55 Il Decreto conciliare Unitatis redintegratio nel suo orizzonte storico tiene presente l'unità che, malgrado tutto, fu vissuta nel primo millennio.

Essa assume in un certo senso configurazione di modello.

« È cosa gradita per il sacro Concilio […] richiamare alla mente di tutti, che in Oriente prosperano molte Chiese particolari o locali, tra le quali tengono il primo posto le Chiese patriarcali, e non poche di queste si gloriano d'essere state fondate dagli stessi Apostoli ».87

Il cammino della Chiesa è iniziato a Gerusalemme il giorno di Pentecoste e tutto il suo originale sviluppo nell'oikoumene di allora si concentrava attorno a Pietro e agli Undici ( At 2,14 ).

Le strutture della Chiesa in Oriente e in Occidente si formavano dunque in riferimento a quel patrimonio apostolico.

La sua unità, entro i limiti del primo millennio, si manteneva in quelle stesse strutture mediante i Vescovi, successori degli Apostoli, in comunione con il Vescovo di Roma.

Se oggi noi cerchiamo, al termine del secondo millennio, di ristabilire la piena comunione, è a questa unità così strutturata che dobbiamo riferirci.

Il Decreto sull'ecumenismo mette in rilievo un ulteriore aspetto caratteristico, grazie al quale tutte le Chiese particolari permanevano nell'unità, la « preoccupazione - cioè - e la cura di conservare, nella comunione della fede e della carità, quelle fraterne relazioni che, come tra sorelle, ci devono essere tra le Chiese locali ».88

56 Dopo il Concilio Vaticano II e ricollegandosi a quella tradizione, si è ristabilito l'uso di attribuire l'appellativo di « Chiese sorelle » alle Chiese particolari o locali radunate attorno al loro Vescovo.

La soppressione poi delle reciproche scomuniche, rimovendo un doloroso ostacolo di ordine canonico e psicologico, è stato un passo molto significativo nel cammino verso la piena comunione.
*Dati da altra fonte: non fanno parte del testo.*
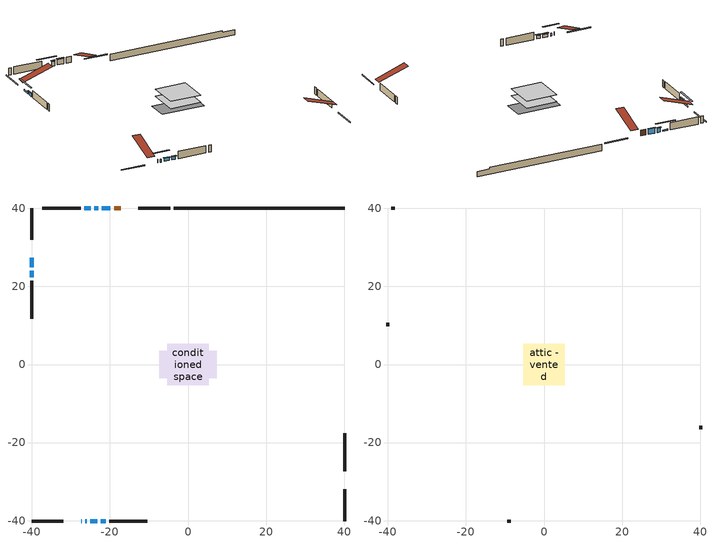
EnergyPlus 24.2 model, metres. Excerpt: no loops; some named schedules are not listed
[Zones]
conditioned space
 floor adiabatic (AdiabaticFloorConstruction): -5.25,-5.25 -5.25,5.25 5.25,5.25 5.25,-5.25 z0.55
 floor foundation (Slab1 construction): -7.37,-3.56 -7.37,3.56 7.37,3.56 7.37,-3.56 z-1.74
 wall outside (RimJoist1 construction): -4.54,40.08 -12.73,40.08 / -40.08,-40.08 -31.89,-40.08 / -40.08,40.08 -40.08,31.89 / 40.08,-40.08 40.08,-31.89 z0.55:0.85
 wall outside (AdiabaticWallConstruction 1): -17.29,40.08 -18.93,40.08 z0.55:2.58
 wall outside (AdiabaticWallConstruction): -27.33,-40.08 -27.24,-40.08 z0.55:1.77; -26.32,-40.08 -25.98,-40.08 z0.55:1.52; -40.08,27.33 -40.08,24.89 / -24.9,40.08 -26.6,40.08 z0.55:1.03; -19.86,40.08 -22.07,40.08 z0.55:2.36; -23,40.08 -23.97,40.08 z0.55:2.07; -25.06,-40.08 -23.25,-40.08 z0.55:1.59; -22.32,-40.08 -21.08,-40.08 z0.55:1.62; -40.08,23.97 -40.08,22.36 z0.55:1.67
 wall outside (Wall1 construction): -27.53,40.08 -37.29,40.08 / -20.15,-40.08 -10.38,-40.08 / -40.08,21.44 -40.08,11.67 / 40.08,-27.33 40.08,-17.57 z0.55:2.99
 wall foundation (FoundationWall1 construction): -3.61,40.08,-1.74 -3.61,40.08,0.55 35.71,40.08,0.55 35.71,40.08,0.02 40.08,40.08,0.02 40.08,40.08,-1.74
 window (WindowConstruction 5): -27.33,-40.08 -27.24,-40.08 z0.55:1.77
 window (WindowConstruction 7): -26.31,-40.08 -25.99,-40.08 z0.55:1.52
 window (WindowConstruction 8): -40.08,27.33 -40.08,24.89 z0.55:1.03
 window (WindowConstruction): -19.86,40.08 -22.07,40.08 z0.55:2.35
 window (WindowConstruction 1): -23,40.08 -23.97,40.08 z0.55:2.07
 window (WindowConstruction 2): -25.06,-40.08 -23.25,-40.08 z0.55:1.59
 window (WindowConstruction 3): -22.32,-40.08 -21.08,-40.08 z0.55:1.62
 window (WindowConstruction 4): -40.08,23.96 -40.08,22.36 z0.55:1.67
 window (WindowConstruction 6): -24.9,40.08 -26.6,40.08 z0.55:1.03
 door (Door): -17.29,40.08 -18.93,40.08 z0.55:2.58
 ceiling adiabatic (AdiabaticFloorConstruction): 5.25,-5.25 5.25,5.25 -5.25,5.25 -5.25,-5.25 z0.55
attic - vented
 floor to conditioned space (Floor1 construction Reversed): -5.25,-5.25 -5.25,5.25 5.25,5.25 5.25,-5.25 z2.99
 wall outside (Wall2 construction): -38.22,40.08 -39.15,40.08 / -9.46,-40.08 -8.53,-40.08 / -40.08,10.74 -40.08,9.81 / 40.08,-16.64 40.08,-15.71 z0.55:2.99
 roof outside (Roof1 construction): -16.36,40.08,2.99 -16.36,29.84,6.4 -13.66,29.84,6.4 -13.66,40.08,2.99; -28.26,-40.08,2.99 -28.26,-29.84,6.4 -30.96,-29.84,6.4 -30.96,-40.08,2.99; -40.08,28.26,2.99 -29.84,28.26,6.4 -29.84,30.96,6.4 -40.08,30.96,2.99; 40.08,-28.26,2.99 29.84,-28.26,6.4 29.84,-30.96,6.4 40.08,-30.96,2.99
shading: -23.35,-40.08 -28.95,-40.08 -28.95,-40.49 -23.35,-40.49 z4.16; -40.08,22.25 -40.08,29.97 -40.49,29.97 -40.49,22.25 z3.67; -22.27,40.08 -19.66,40.08 -19.66,40.49 -22.27,40.49 z2.56; -24.17,40.08 -22.8,40.08 -22.8,40.49 -24.17,40.49 z2.28; -23.05,-40.08 -25.26,-40.08 -25.26,-40.49 -23.05,-40.49 z1.79; -20.88,-40.08 -22.52,-40.08 -22.52,-40.49 -20.88,-40.49 z1.82; -40.08,22.16 -40.08,24.17 -40.49,24.17 -40.49,22.16 z1.87; -29.24,40.08 -22.26,40.08 -22.26,40.49 -29.24,40.49 z3.67
[Building]
Building 1: Terrain=Suburbs
[Site:Location]
Edmonton Intl AP_AB: Latitude {deg}=53.31; Longitude {deg}=-113.58; Time Zone {hr}=-7; Elevation {m}=723; Keep Site Location Information=Yes
[Site:GroundTemperature:Shallow]
-1.56185, -3.61833, -3.78302, -2.80711, 1.11059, 5.01004, 8.39065, 10.5322, 10.7141, 8.97234, 5.67794, 1.89811
[Site:WaterMainsTemperature]
Calculation Method=Schedule; Temperature Schedule=mains temperature schedule
[Material] Roughness=Rough; Thermal Absorptance=0.9
Name | Thickness {m} | Conductivity {W/m-K} | Density {kg/m3} | Specific Heat {J/kg-K} | Solar Absorptance | Visible Absorptance
asphalt or fiberglass shingles | 0.00635 | 0.162714 | 1121.4 | 1465.45 | 0.4 | 0.4
ceiling loosefill ins | 0.169333 | 0.0480833 | 16.02 | 1046.75 | 0.7 | 0.7
ceiling stud and cavity | 0.1397 | 0.0754874 | 65.682 | 1177.47 | 0.7 | 0.7
concrete 4.0 in. | 0.1016 | 1.803125 | 2242.8 | 837.4 | 0.7 | 0.7
concrete 8.0 in. | 0.2032 | 1.803125 | 2242.8 | 837.4 | 0.7 | 0.7
door material | 0.04445 | 0.053851 | 512.64 | 1214.23 | 0.7 | 0.7
exterior vertical ins | 0.0345773 | 0.029427 | 32.04 | 1214.23 | 0.7 | 0.7
floor covering | 0.0127 | 0.0433444 | 54.468 | 1339.84 | 0.6 | 0.6
floor rigid ins; wall rigid ins | 0.512978 | 0.029427 | 32.04 | 1214.23 | 0.7 | 0.7
floor stud and cavity | 0.1397 | 1.75129 | 37.0049 | 1207.88 | 0.7 | 0.7
furniture material conditioned space 1 | 0.1524 | 0.115458 | 640.8 | 1214.23 | 0.6 | 0.6
gypsum board | 0.0127 | 0.160291 | 801 | 837.4 | 0.6 | 0.6
gypsum board 1 | 0.0127 | 0.160291 | 801 | 837.4 | 0.7 | 0.7
osb sheathing 0.5 in. | 0.0127 | 0.115458 | 512.64 | 1214.23 | 0.7 | 0.7
osb sheathing 0.75 in. | 0.01905 | 0.115458 | 512.64 | 1214.23 | 0.7 | 0.7
rim joist stud and cavity | 0.0508 | 0.312044 | 50.32683 | 1063.81 | 0.6 | 0.6
wall stud and cavity | 0.1397 | 0.100049 | 139.0536 | 1170.24 | 0.7 | 0.7
wall stud and cavity 1 | 0.0889 | 6.1454 | 50.32683 | 1063.81 | 0.6 | 0.6
wall stud and cavity 2 | 0.0889 | 0.380278 | 52.3479 | 1209.89 | 0.7 | 0.7
wall stud and cavity 3 | 0.0889 | 0.391764 | 83.0341 | 1211.67 | 0.7 | 0.7
wood siding | 0.0254 | 0.102417 | 544.68 | 1172.36 | 0.4 | 0.4
wood siding 1 | 0.00254 | 0.102417 | 544.68 | 1172.36 | 0.4 | 0.4
wood siding 2; wood siding 3; wood siding 4 | 0.0254 | 0.102417 | 544.68 | 1172.36 | 0.7 | 0.7
[WindowMaterial:SimpleGlazingSystem]
Name | U-Factor {W/m2-K} | Solar Heat Gain Coefficient
WindowMaterial | 3.30573 | 0.65
WindowMaterial 1 | 3.27507 | 0.6
WindowMaterial 2 | 1.79084 | 0.52
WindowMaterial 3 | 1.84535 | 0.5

Le strutture d'unità esistenti prima della divisione sono un patrimonio d'esperienza che guida il nostro cammino verso il ritrovamento della piena comunione.

Ovviamente, durante il secondo millennio, il Signore non ha cessato di dare alla sua Chiesa abbondanti frutti di grazia e di crescita.

Ma purtroppo il progressivo reciproco allontanamento tra le Chiese d'Occidente e d'Oriente le ha private delle ricchezze di mutui doni ed aiuti.

Occorre compiere con la grazia di Dio un grande sforzo per ristabilire fra esse la piena comunione, fonte di tanti beni per la Chiesa di Cristo.

Tale sforzo richiede tutta la nostra buona volontà, la preghiera umile e una collaborazione perseverante che nulla deve scoraggiare.

San Paolo ci sprona: « Portate i pesi gli uni degli altri » ( Gal 6,2 ).

Come si adatta a noi e come è attuale l'esortazione dell'Apostolo!

L'appellativo tradizionale di « Chiese sorelle » dovrebbe incessantemente accompagnarci in questo cammino.

57 Come auspicava Papa Paolo VI, il nostro scopo dichiarato è di ritrovare insieme la piena unità nella legittima diversità: « Dio ci ha concesso di ricevere nella fede questa testimonianza degli Apostoli.

Per mezzo del Battesimo noi siamo uno in Cristo Gesù ( Gal 3,28 ).

In virtù della successione apostolica, il sacerdozio e l'Eucaristia ci uniscono più intimamente; partecipando ai doni di Dio alla sua Chiesa, noi siamo in comunione con il Padre, per mezzo del Figlio, nello Spirito Santo [ … ].

In ogni Chiesa locale si realizza questo mistero dell'amore divino.

Non è forse questa la ragione dell'espressione tradizionale e tanto bella per cui le Chiese locali amavano designarsi quali Chiese sorelle? ( Decr. Unitatis redintegratio 14 ).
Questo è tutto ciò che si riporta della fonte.